Task statement: Repeat only the stretch of lines below that runs from the line with "#55=ORIENTED_EDGE('',*,*,#54,.T.);" through the line with "#67=LINE('',#66,#65);", unaltered.

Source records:
========================================================================

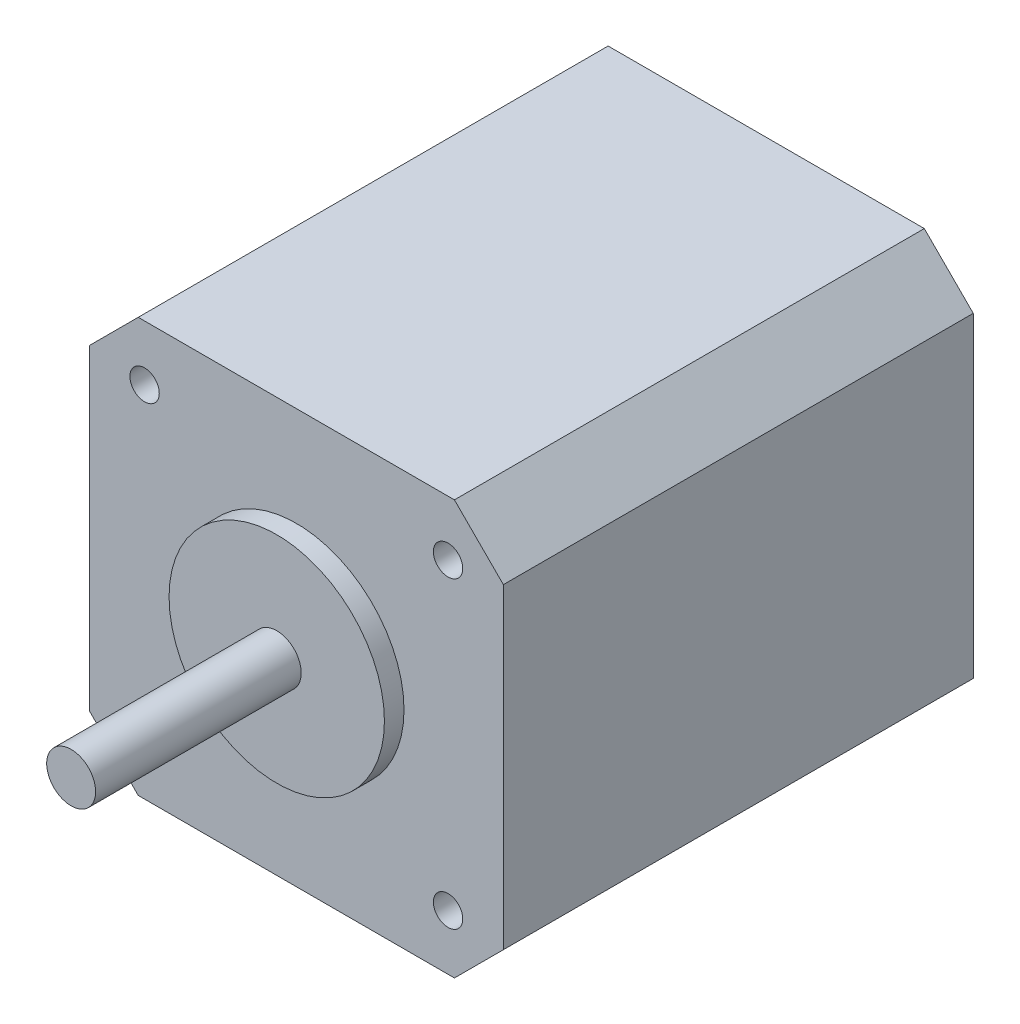
ISO-10303-21;
HEADER;
FILE_DESCRIPTION(('STEP AP214'),'2;1');
FILE_NAME('part.step','',(''),(''),'','','');
FILE_SCHEMA(('AUTOMOTIVE_DESIGN { 1 0 10303 214 1 1 1 1 }'));
ENDSEC;
DATA;
#1=APPLICATION_CONTEXT('core data for automotive mechanical design processes');
#2=APPLICATION_PROTOCOL_DEFINITION('international standard','automotive_design',2000,#1);
#3=PRODUCT_CONTEXT('',#1,'mechanical');
#4=PRODUCT('Part','Part','',(#3));
#5=PRODUCT_RELATED_PRODUCT_CATEGORY('part','',(#4));
#6=PRODUCT_DEFINITION_FORMATION('','',#4);
#7=PRODUCT_DEFINITION_CONTEXT('part definition',#1,'design');
#8=PRODUCT_DEFINITION('design','',#6,#7);
#9=PRODUCT_DEFINITION_SHAPE('','',#8);
#10=(LENGTH_UNIT() NAMED_UNIT(*) SI_UNIT(.MILLI.,.METRE.));
#11=(NAMED_UNIT(*) PLANE_ANGLE_UNIT() SI_UNIT($,.RADIAN.));
#12=(NAMED_UNIT(*) SI_UNIT($,.STERADIAN.) SOLID_ANGLE_UNIT());
#13=UNCERTAINTY_MEASURE_WITH_UNIT(LENGTH_MEASURE(1.E-05),#10,'distance_accuracy_value','');
#14=(GEOMETRIC_REPRESENTATION_CONTEXT(3) GLOBAL_UNCERTAINTY_ASSIGNED_CONTEXT((#13)) GLOBAL_UNIT_ASSIGNED_CONTEXT((#10,
#11,#12)) REPRESENTATION_CONTEXT('',''));
#15=CARTESIAN_POINT('',(0.,0.,0.));
#16=DIRECTION('',(0.,0.,1.));
#17=DIRECTION('',(1.,0.,0.));
#18=AXIS2_PLACEMENT_3D('',#15,#16,#17);
#19=CARTESIAN_POINT('',(21.15,21.15,-48.));
#20=DIRECTION('',(1.,0.,0.));
#21=DIRECTION('',(0.,0.,-1.));
#22=AXIS2_PLACEMENT_3D('',#19,#20,#21);
#23=PLANE('',#22);
#24=DIRECTION('',(0.,1.,0.));
#25=VECTOR('',#24,1.);
#26=CARTESIAN_POINT('',(21.15,21.15,0.));
#27=LINE('',#26,#25);
#28=CARTESIAN_POINT('',(21.15,-16.15,0.));
#29=VERTEX_POINT('',#28);
#30=CARTESIAN_POINT('',(21.15,16.15,0.));
#31=VERTEX_POINT('',#30);
#32=EDGE_CURVE('E210',#29,#31,#27,.T.);
#33=ORIENTED_EDGE('',*,*,#32,.F.);
#34=DIRECTION('',(0.,0.,-1.));
#35=VECTOR('',#34,1.);
#36=CARTESIAN_POINT('',(21.15,-16.15,-48.));
#37=LINE('',#36,#35);
#38=CARTESIAN_POINT('',(21.15,-16.15,-48.));
#39=VERTEX_POINT('',#38);
#40=EDGE_CURVE('E285',#29,#39,#37,.T.);
#41=ORIENTED_EDGE('',*,*,#40,.T.);
#42=DIRECTION('',(0.,1.,0.));
#43=VECTOR('',#42,1.);
#44=CARTESIAN_POINT('',(21.15,21.15,-48.));
#45=LINE('',#44,#43);
#46=CARTESIAN_POINT('',(21.15,16.15,-48.));
#47=VERTEX_POINT('',#46);
#48=EDGE_CURVE('E214',#39,#47,#45,.T.);
#49=ORIENTED_EDGE('',*,*,#48,.T.);
#50=DIRECTION('',(0.,0.,1.));
#51=VECTOR('',#50,1.);
#52=CARTESIAN_POINT('',(21.15,16.15,-48.));
#53=LINE('',#52,#51);
#54=EDGE_CURVE('E281',#47,#31,#53,.T.);
#55=ORIENTED_EDGE('',*,*,#54,.T.);
#56=EDGE_LOOP('',(#33,#41,#49,#55));
#57=FACE_BOUND('',#56,.T.);
#58=ADVANCED_FACE('F41',(#57),#23,.T.);
#59=CARTESIAN_POINT('',(-21.15,-21.15,-48.));
#60=DIRECTION('',(0.,-1.,0.));
#61=DIRECTION('',(0.,0.,-1.));
#62=AXIS2_PLACEMENT_3D('',#59,#60,#61);
#63=PLANE('',#62);
#64=DIRECTION('',(0.,0.,-1.));
#65=VECTOR('',#64,1.);
#66=CARTESIAN_POINT('',(-8.,-21.15,-38.4));
#67=LINE('',#66,#65);
#68=CARTESIAN_POINT('',(-8.,-21.15,-38.4));
#69=VERTEX_POINT('',#68);
#70=CARTESIAN_POINT('',(-8.,-21.15,-48.));
#71=VERTEX_POINT('',#70);
#72=EDGE_CURVE('E152',#69,#71,#67,.T.);
#73=ORIENTED_EDGE('',*,*,#72,.F.);
#74=DIRECTION('',(1.,0.,0.));
#75=VECTOR('',#74,1.);
#76=CARTESIAN_POINT('',(8.,-21.15,-38.4));
#77=LINE('',#76,#75);
#78=CARTESIAN_POINT('',(8.,-21.15,-38.4));
#79=VERTEX_POINT('',#78);
#80=EDGE_CURVE('E137',#69,#79,#77,.T.);
#81=ORIENTED_EDGE('',*,*,#80,.T.);
#82=DIRECTION('',(0.,0.,-1.));
#83=VECTOR('',#82,1.);
#84=CARTESIAN_POINT('',(8.,-21.15,-38.4));
#85=LINE('',#84,#83);
#86=CARTESIAN_POINT('',(7.99999999999999,-21.15,-48.));
#87=VERTEX_POINT('',#86);
#88=EDGE_CURVE('E163',#79,#87,#85,.T.);
#89=ORIENTED_EDGE('',*,*,#88,.T.);
#90=DIRECTION('',(1.,0.,0.));
#91=VECTOR('',#90,1.);
#92=CARTESIAN_POINT('',(-21.15,-21.15,-48.));
#93=LINE('',#92,#91);
#94=CARTESIAN_POINT('',(16.15,-21.15,-48.));
#95=VERTEX_POINT('',#94);
#96=EDGE_CURVE('E226',#87,#95,#93,.T.);
#97=ORIENTED_EDGE('',*,*,#96,.T.);
#98=DIRECTION('',(0.,0.,1.));
#99=VECTOR('',#98,1.);
#100=CARTESIAN_POINT('',(16.15,-21.15,-48.));
#101=LINE('',#100,#99);
#102=CARTESIAN_POINT('',(16.15,-21.15,0.));
#103=VERTEX_POINT('',#102);
#104=EDGE_CURVE('E262',#95,#103,#101,.T.);
#105=ORIENTED_EDGE('',*,*,#104,.T.);
#106=DIRECTION('',(1.,0.,0.));
#107=VECTOR('',#106,1.);
#108=CARTESIAN_POINT('',(-21.15,-21.15,0.));
#109=LINE('',#108,#107);
#110=CARTESIAN_POINT('',(-16.15,-21.15,0.));
#111=VERTEX_POINT('',#110);
#112=EDGE_CURVE('E219',#111,#103,#109,.T.);
#113=ORIENTED_EDGE('',*,*,#112,.F.);
#114=DIRECTION('',(0.,0.,-1.));
#115=VECTOR('',#114,1.);
#116=CARTESIAN_POINT('',(-16.15,-21.15,-48.));
#117=LINE('',#116,#115);
#118=CARTESIAN_POINT('',(-16.15,-21.15,-48.));
#119=VERTEX_POINT('',#118);
#120=EDGE_CURVE('E266',#111,#119,#117,.T.);
#121=ORIENTED_EDGE('',*,*,#120,.T.);
#122=EDGE_CURVE('E161',#119,#71,#93,.T.);
#123=ORIENTED_EDGE('',*,*,#122,.T.);
#124=EDGE_LOOP('',(#73,#81,#89,#97,#105,#113,#121,#123));
#125=FACE_BOUND('',#124,.T.);
#126=ADVANCED_FACE('F159',(#125),#63,.T.);
#127=CARTESIAN_POINT('',(-21.15,21.15,-48.));
#128=DIRECTION('',(-1.,0.,0.));
#129=DIRECTION('',(0.,-1.,0.));
#130=AXIS2_PLACEMENT_3D('',#127,#128,#129);
#131=PLANE('',#130);
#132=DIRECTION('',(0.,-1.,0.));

========================================================================

Result:
#55=ORIENTED_EDGE('',*,*,#54,.T.);
#56=EDGE_LOOP('',(#33,#41,#49,#55));
#57=FACE_BOUND('',#56,.T.);
#58=ADVANCED_FACE('F41',(#57),#23,.T.);
#59=CARTESIAN_POINT('',(-21.15,-21.15,-48.));
#60=DIRECTION('',(0.,-1.,0.));
#61=DIRECTION('',(0.,0.,-1.));
#62=AXIS2_PLACEMENT_3D('',#59,#60,#61);
#63=PLANE('',#62);
#64=DIRECTION('',(0.,0.,-1.));
#65=VECTOR('',#64,1.);
#66=CARTESIAN_POINT('',(-8.,-21.15,-38.4));
#67=LINE('',#66,#65);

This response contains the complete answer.